== ASSIGNMENT ==
Please reproduce all of the data below exactly, leaving each picture out.

[Data extracted from a collection]

◆ ◆ ◆ ◆ ◆

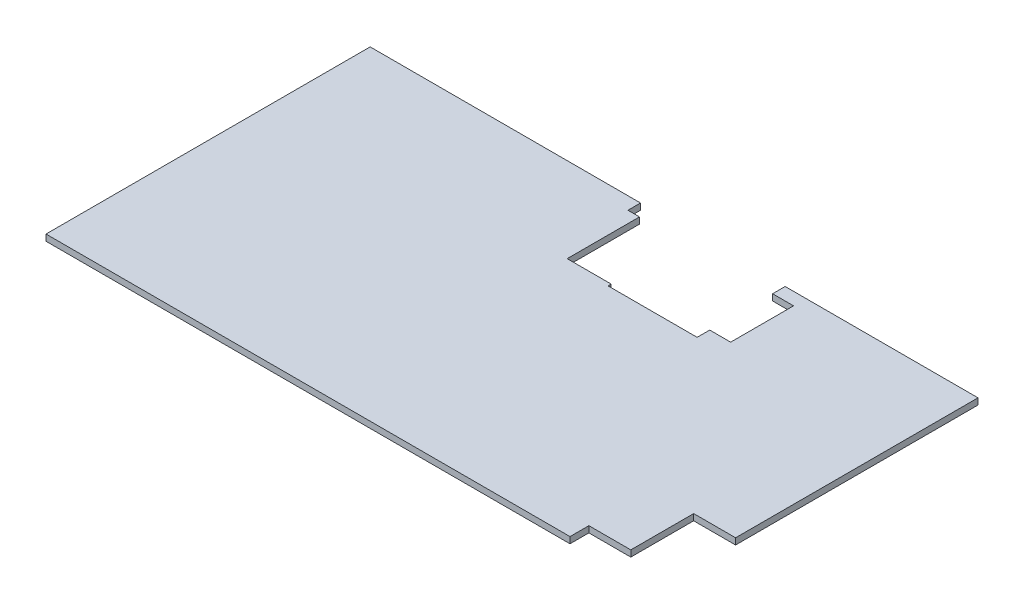
ISO-10303-21;
HEADER;
FILE_DESCRIPTION(('STEP AP214'),'2;1');
FILE_NAME('part.step','',(''),(''),'','','');
FILE_SCHEMA(('AUTOMOTIVE_DESIGN { 1 0 10303 214 1 1 1 1 }'));
ENDSEC;
DATA;
#1=APPLICATION_CONTEXT('core data for automotive mechanical design processes');
#2=APPLICATION_PROTOCOL_DEFINITION('international standard','automotive_design',2000,#1);
#3=PRODUCT_CONTEXT('',#1,'mechanical');
#4=PRODUCT('Part','Part','',(#3));
#5=PRODUCT_RELATED_PRODUCT_CATEGORY('part','',(#4));
#6=PRODUCT_DEFINITION_FORMATION('','',#4);
#7=PRODUCT_DEFINITION_CONTEXT('part definition',#1,'design');
#8=PRODUCT_DEFINITION('design','',#6,#7);
#9=PRODUCT_DEFINITION_SHAPE('','',#8);
#10=(LENGTH_UNIT() NAMED_UNIT(*) SI_UNIT(.MILLI.,.METRE.));
#11=(NAMED_UNIT(*) PLANE_ANGLE_UNIT() SI_UNIT($,.RADIAN.));
#12=(NAMED_UNIT(*) SI_UNIT($,.STERADIAN.) SOLID_ANGLE_UNIT());
#13=UNCERTAINTY_MEASURE_WITH_UNIT(LENGTH_MEASURE(1.E-05),#10,'distance_accuracy_value','');
#14=(GEOMETRIC_REPRESENTATION_CONTEXT(3) GLOBAL_UNCERTAINTY_ASSIGNED_CONTEXT((#13)) GLOBAL_UNIT_ASSIGNED_CONTEXT((#10,
#11,#12)) REPRESENTATION_CONTEXT('',''));
#15=CARTESIAN_POINT('',(0.,0.,0.));
#16=DIRECTION('',(0.,0.,1.));
#17=DIRECTION('',(1.,0.,0.));
#18=AXIS2_PLACEMENT_3D('',#15,#16,#17);
#19=CARTESIAN_POINT('',(0.,3.,0.));
#20=DIRECTION('',(0.,-1.,0.));
#21=DIRECTION('',(0.,0.,-1.));
#22=AXIS2_PLACEMENT_3D('',#19,#20,#21);
#23=PLANE('',#22);
#24=DIRECTION('',(1.,0.,0.));
#25=VECTOR('',#24,1.);
#26=CARTESIAN_POINT('',(145.,3.,68.325));
#27=LINE('',#26,#25);
#28=CARTESIAN_POINT('',(105.,3.,68.325));
#29=VERTEX_POINT('',#28);
#30=CARTESIAN_POINT('',(125.,3.,68.325));
#31=VERTEX_POINT('',#30);
#32=EDGE_CURVE('E268',#29,#31,#27,.T.);
#33=ORIENTED_EDGE('',*,*,#32,.T.);
#34=DIRECTION('',(0.,0.,1.));
#35=VECTOR('',#34,1.);
#36=CARTESIAN_POINT('',(125.,3.,68.325));
#37=LINE('',#36,#35);
#38=CARTESIAN_POINT('',(125.,3.,38.325));
#39=VERTEX_POINT('',#38);
#40=EDGE_CURVE('E51',#39,#31,#37,.T.);
#41=ORIENTED_EDGE('',*,*,#40,.F.);
#42=DIRECTION('',(-1.,0.,0.));
#43=VECTOR('',#42,1.);
#44=CARTESIAN_POINT('',(145.,3.,38.325));
#45=LINE('',#44,#43);
#46=CARTESIAN_POINT('',(145.,3.,38.325));
#47=VERTEX_POINT('',#46);
#48=EDGE_CURVE('E257',#47,#39,#45,.T.);
#49=ORIENTED_EDGE('',*,*,#48,.F.);
#50=DIRECTION('',(0.,0.,-1.));
#51=VECTOR('',#50,1.);
#52=CARTESIAN_POINT('',(145.,3.,-77.325));
#53=LINE('',#52,#51);
#54=CARTESIAN_POINT('',(145.,3.,-77.325));
#55=VERTEX_POINT('',#54);
#56=EDGE_CURVE('E191',#47,#55,#53,.T.);
#57=ORIENTED_EDGE('',*,*,#56,.T.);
#58=DIRECTION('',(-1.,0.,0.));
#59=VECTOR('',#58,1.);
#60=CARTESIAN_POINT('',(145.,3.,-77.325));
#61=LINE('',#60,#59);
#62=CARTESIAN_POINT('',(53.,3.,-77.325));
#63=VERTEX_POINT('',#62);
#64=EDGE_CURVE('E210',#55,#63,#61,.T.);
#65=ORIENTED_EDGE('',*,*,#64,.T.);
#66=DIRECTION('',(0.,0.,1.));
#67=VECTOR('',#66,1.);
#68=CARTESIAN_POINT('',(53.,3.,0.));
#69=LINE('',#68,#67);
#70=CARTESIAN_POINT('',(53.,3.,-71.325));
#71=VERTEX_POINT('',#70);
#72=EDGE_CURVE('E326',#63,#71,#69,.T.);
#73=ORIENTED_EDGE('',*,*,#72,.T.);
#74=DIRECTION('',(-1.,0.,0.));
#75=VECTOR('',#74,1.);
#76=CARTESIAN_POINT('',(0.,3.,-71.325));
#77=LINE('',#76,#75);
#78=CARTESIAN_POINT('',(63.,3.,-71.325));
#79=VERTEX_POINT('',#78);
#80=EDGE_CURVE('E59',#79,#71,#77,.T.);
#81=ORIENTED_EDGE('',*,*,#80,.F.);
#82=DIRECTION('',(0.,0.,-1.));
#83=VECTOR('',#82,1.);
#84=CARTESIAN_POINT('',(63.,3.,0.));
#85=LINE('',#84,#83);
#86=CARTESIAN_POINT('',(63.,3.,-41.325));
#87=VERTEX_POINT('',#86);
#88=EDGE_CURVE('E278',#87,#79,#85,.T.);
#89=ORIENTED_EDGE('',*,*,#88,.F.);
#90=DIRECTION('',(-1.,0.,0.));
#91=VECTOR('',#90,1.);
#92=CARTESIAN_POINT('',(0.,3.,-41.325));
#93=LINE('',#92,#91);
#94=CARTESIAN_POINT('',(53.,3.,-41.325));
#95=VERTEX_POINT('',#94);
#96=EDGE_CURVE('E284',#87,#95,#93,.T.);
#97=ORIENTED_EDGE('',*,*,#96,.T.);
#98=CARTESIAN_POINT('',(53.,3.,-35.325));
#99=VERTEX_POINT('',#98);
#100=EDGE_CURVE('E325',#95,#99,#69,.T.);
#101=ORIENTED_EDGE('',*,*,#100,.T.);
#102=DIRECTION('',(1.,0.,0.));
#103=VECTOR('',#102,1.);
#104=CARTESIAN_POINT('',(0.,3.,-35.325));
#105=LINE('',#104,#103);
#106=CARTESIAN_POINT('',(10.5,3.,-35.325));
#107=VERTEX_POINT('',#106);
#108=EDGE_CURVE('E297',#107,#99,#105,.T.);
#109=ORIENTED_EDGE('',*,*,#108,.F.);
#110=DIRECTION('',(0.,0.,1.));
#111=VECTOR('',#110,1.);
#112=CARTESIAN_POINT('',(10.5,3.,0.));
#113=LINE('',#112,#111);
#114=CARTESIAN_POINT('',(10.5,3.,-36.825));
#115=VERTEX_POINT('',#114);
#116=EDGE_CURVE('E237',#115,#107,#113,.T.);
#117=ORIENTED_EDGE('',*,*,#116,.F.);
#118=DIRECTION('',(1.,0.,0.));
#119=VECTOR('',#118,1.);
#120=CARTESIAN_POINT('',(0.,3.,-36.825));
#121=LINE('',#120,#119);
#122=CARTESIAN_POINT('',(-10.5,3.,-36.825));
#123=VERTEX_POINT('',#122);
#124=EDGE_CURVE('E336',#123,#115,#121,.T.);
#125=ORIENTED_EDGE('',*,*,#124,.F.);
#126=DIRECTION('',(0.,0.,1.));
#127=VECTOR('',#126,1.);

◆ ◆ ◆ ◆ ◆

== PROBLEM SOLUTION ==
ISO-10303-21;
HEADER;
FILE_DESCRIPTION(('STEP AP214'),'2;1');
FILE_NAME('part.step','',(''),(''),'','','');
FILE_SCHEMA(('AUTOMOTIVE_DESIGN { 1 0 10303 214 1 1 1 1 }'));
ENDSEC;
DATA;
#1=APPLICATION_CONTEXT('core data for automotive mechanical design processes');
#2=APPLICATION_PROTOCOL_DEFINITION('international standard','automotive_design',2000,#1);
#3=PRODUCT_CONTEXT('',#1,'mechanical');
#4=PRODUCT('Part','Part','',(#3));
#5=PRODUCT_RELATED_PRODUCT_CATEGORY('part','',(#4));
#6=PRODUCT_DEFINITION_FORMATION('','',#4);
#7=PRODUCT_DEFINITION_CONTEXT('part definition',#1,'design');
#8=PRODUCT_DEFINITION('design','',#6,#7);
#9=PRODUCT_DEFINITION_SHAPE('','',#8);
#10=(LENGTH_UNIT() NAMED_UNIT(*) SI_UNIT(.MILLI.,.METRE.));
#11=(NAMED_UNIT(*) PLANE_ANGLE_UNIT() SI_UNIT($,.RADIAN.));
#12=(NAMED_UNIT(*) SI_UNIT($,.STERADIAN.) SOLID_ANGLE_UNIT());
#13=UNCERTAINTY_MEASURE_WITH_UNIT(LENGTH_MEASURE(1.E-05),#10,'distance_accuracy_value','');
#14=(GEOMETRIC_REPRESENTATION_CONTEXT(3) GLOBAL_UNCERTAINTY_ASSIGNED_CONTEXT((#13)) GLOBAL_UNIT_ASSIGNED_CONTEXT((#10,
#11,#12)) REPRESENTATION_CONTEXT('',''));
#15=CARTESIAN_POINT('',(0.,0.,0.));
#16=DIRECTION('',(0.,0.,1.));
#17=DIRECTION('',(1.,0.,0.));
#18=AXIS2_PLACEMENT_3D('',#15,#16,#17);
#19=CARTESIAN_POINT('',(0.,3.,0.));
#20=DIRECTION('',(0.,-1.,0.));
#21=DIRECTION('',(0.,0.,-1.));
#22=AXIS2_PLACEMENT_3D('',#19,#20,#21);
#23=PLANE('',#22);
#24=DIRECTION('',(1.,0.,0.));
#25=VECTOR('',#24,1.);
#26=CARTESIAN_POINT('',(145.,3.,68.325));
#27=LINE('',#26,#25);
#28=CARTESIAN_POINT('',(105.,3.,68.325));
#29=VERTEX_POINT('',#28);
#30=CARTESIAN_POINT('',(125.,3.,68.325));
#31=VERTEX_POINT('',#30);
#32=EDGE_CURVE('E268',#29,#31,#27,.T.);
#33=ORIENTED_EDGE('',*,*,#32,.T.);
#34=DIRECTION('',(0.,0.,1.));
#35=VECTOR('',#34,1.);
#36=CARTESIAN_POINT('',(125.,3.,68.325));
#37=LINE('',#36,#35);
#38=CARTESIAN_POINT('',(125.,3.,38.325));
#39=VERTEX_POINT('',#38);
#40=EDGE_CURVE('E51',#39,#31,#37,.T.);
#41=ORIENTED_EDGE('',*,*,#40,.F.);
#42=DIRECTION('',(-1.,0.,0.));
#43=VECTOR('',#42,1.);
#44=CARTESIAN_POINT('',(145.,3.,38.325));
#45=LINE('',#44,#43);
#46=CARTESIAN_POINT('',(145.,3.,38.325));
#47=VERTEX_POINT('',#46);
#48=EDGE_CURVE('E257',#47,#39,#45,.T.);
#49=ORIENTED_EDGE('',*,*,#48,.F.);
#50=DIRECTION('',(0.,0.,-1.));
#51=VECTOR('',#50,1.);
#52=CARTESIAN_POINT('',(145.,3.,-77.325));
#53=LINE('',#52,#51);
#54=CARTESIAN_POINT('',(145.,3.,-77.325));
#55=VERTEX_POINT('',#54);
#56=EDGE_CURVE('E191',#47,#55,#53,.T.);
#57=ORIENTED_EDGE('',*,*,#56,.T.);
#58=DIRECTION('',(-1.,0.,0.));
#59=VECTOR('',#58,1.);
#60=CARTESIAN_POINT('',(145.,3.,-77.325));
#61=LINE('',#60,#59);
#62=CARTESIAN_POINT('',(53.,3.,-77.325));
#63=VERTEX_POINT('',#62);
#64=EDGE_CURVE('E210',#55,#63,#61,.T.);
#65=ORIENTED_EDGE('',*,*,#64,.T.);
#66=DIRECTION('',(0.,0.,1.));
#67=VECTOR('',#66,1.);
#68=CARTESIAN_POINT('',(53.,3.,0.));
#69=LINE('',#68,#67);
#70=CARTESIAN_POINT('',(53.,3.,-71.325));
#71=VERTEX_POINT('',#70);
#72=EDGE_CURVE('E326',#63,#71,#69,.T.);
#73=ORIENTED_EDGE('',*,*,#72,.T.);
#74=DIRECTION('',(-1.,0.,0.));
#75=VECTOR('',#74,1.);
#76=CARTESIAN_POINT('',(0.,3.,-71.325));
#77=LINE('',#76,#75);
#78=CARTESIAN_POINT('',(63.,3.,-71.325));
#79=VERTEX_POINT('',#78);
#80=EDGE_CURVE('E59',#79,#71,#77,.T.);
#81=ORIENTED_EDGE('',*,*,#80,.F.);
#82=DIRECTION('',(0.,0.,-1.));
#83=VECTOR('',#82,1.);
#84=CARTESIAN_POINT('',(63.,3.,0.));
#85=LINE('',#84,#83);
#86=CARTESIAN_POINT('',(63.,3.,-41.325));
#87=VERTEX_POINT('',#86);
#88=EDGE_CURVE('E278',#87,#79,#85,.T.);
#89=ORIENTED_EDGE('',*,*,#88,.F.);
#90=DIRECTION('',(-1.,0.,0.));
#91=VECTOR('',#90,1.);
#92=CARTESIAN_POINT('',(0.,3.,-41.325));
#93=LINE('',#92,#91);
#94=CARTESIAN_POINT('',(53.,3.,-41.325));
#95=VERTEX_POINT('',#94);
#96=EDGE_CURVE('E284',#87,#95,#93,.T.);
#97=ORIENTED_EDGE('',*,*,#96,.T.);
#98=CARTESIAN_POINT('',(53.,3.,-35.325));
#99=VERTEX_POINT('',#98);
#100=EDGE_CURVE('E325',#95,#99,#69,.T.);
#101=ORIENTED_EDGE('',*,*,#100,.T.);
#102=DIRECTION('',(1.,0.,0.));
#103=VECTOR('',#102,1.);
#104=CARTESIAN_POINT('',(0.,3.,-35.325));
#105=LINE('',#104,#103);
#106=CARTESIAN_POINT('',(10.5,3.,-35.325));
#107=VERTEX_POINT('',#106);
#108=EDGE_CURVE('E297',#107,#99,#105,.T.);
#109=ORIENTED_EDGE('',*,*,#108,.F.);
#110=DIRECTION('',(0.,0.,1.));
#111=VECTOR('',#110,1.);
#112=CARTESIAN_POINT('',(10.5,3.,0.));
#113=LINE('',#112,#111);
#114=CARTESIAN_POINT('',(10.5,3.,-36.825));
#115=VERTEX_POINT('',#114);
#116=EDGE_CURVE('E237',#115,#107,#113,.T.);
#117=ORIENTED_EDGE('',*,*,#116,.F.);
#118=DIRECTION('',(1.,0.,0.));
#119=VECTOR('',#118,1.);
#120=CARTESIAN_POINT('',(0.,3.,-36.825));
#121=LINE('',#120,#119);
#122=CARTESIAN_POINT('',(-10.5,3.,-36.825));
#123=VERTEX_POINT('',#122);
#124=EDGE_CURVE('E336',#123,#115,#121,.T.);
#125=ORIENTED_EDGE('',*,*,#124,.F.);
#126=DIRECTION('',(0.,0.,1.));
#127=VECTOR('',#126,1.);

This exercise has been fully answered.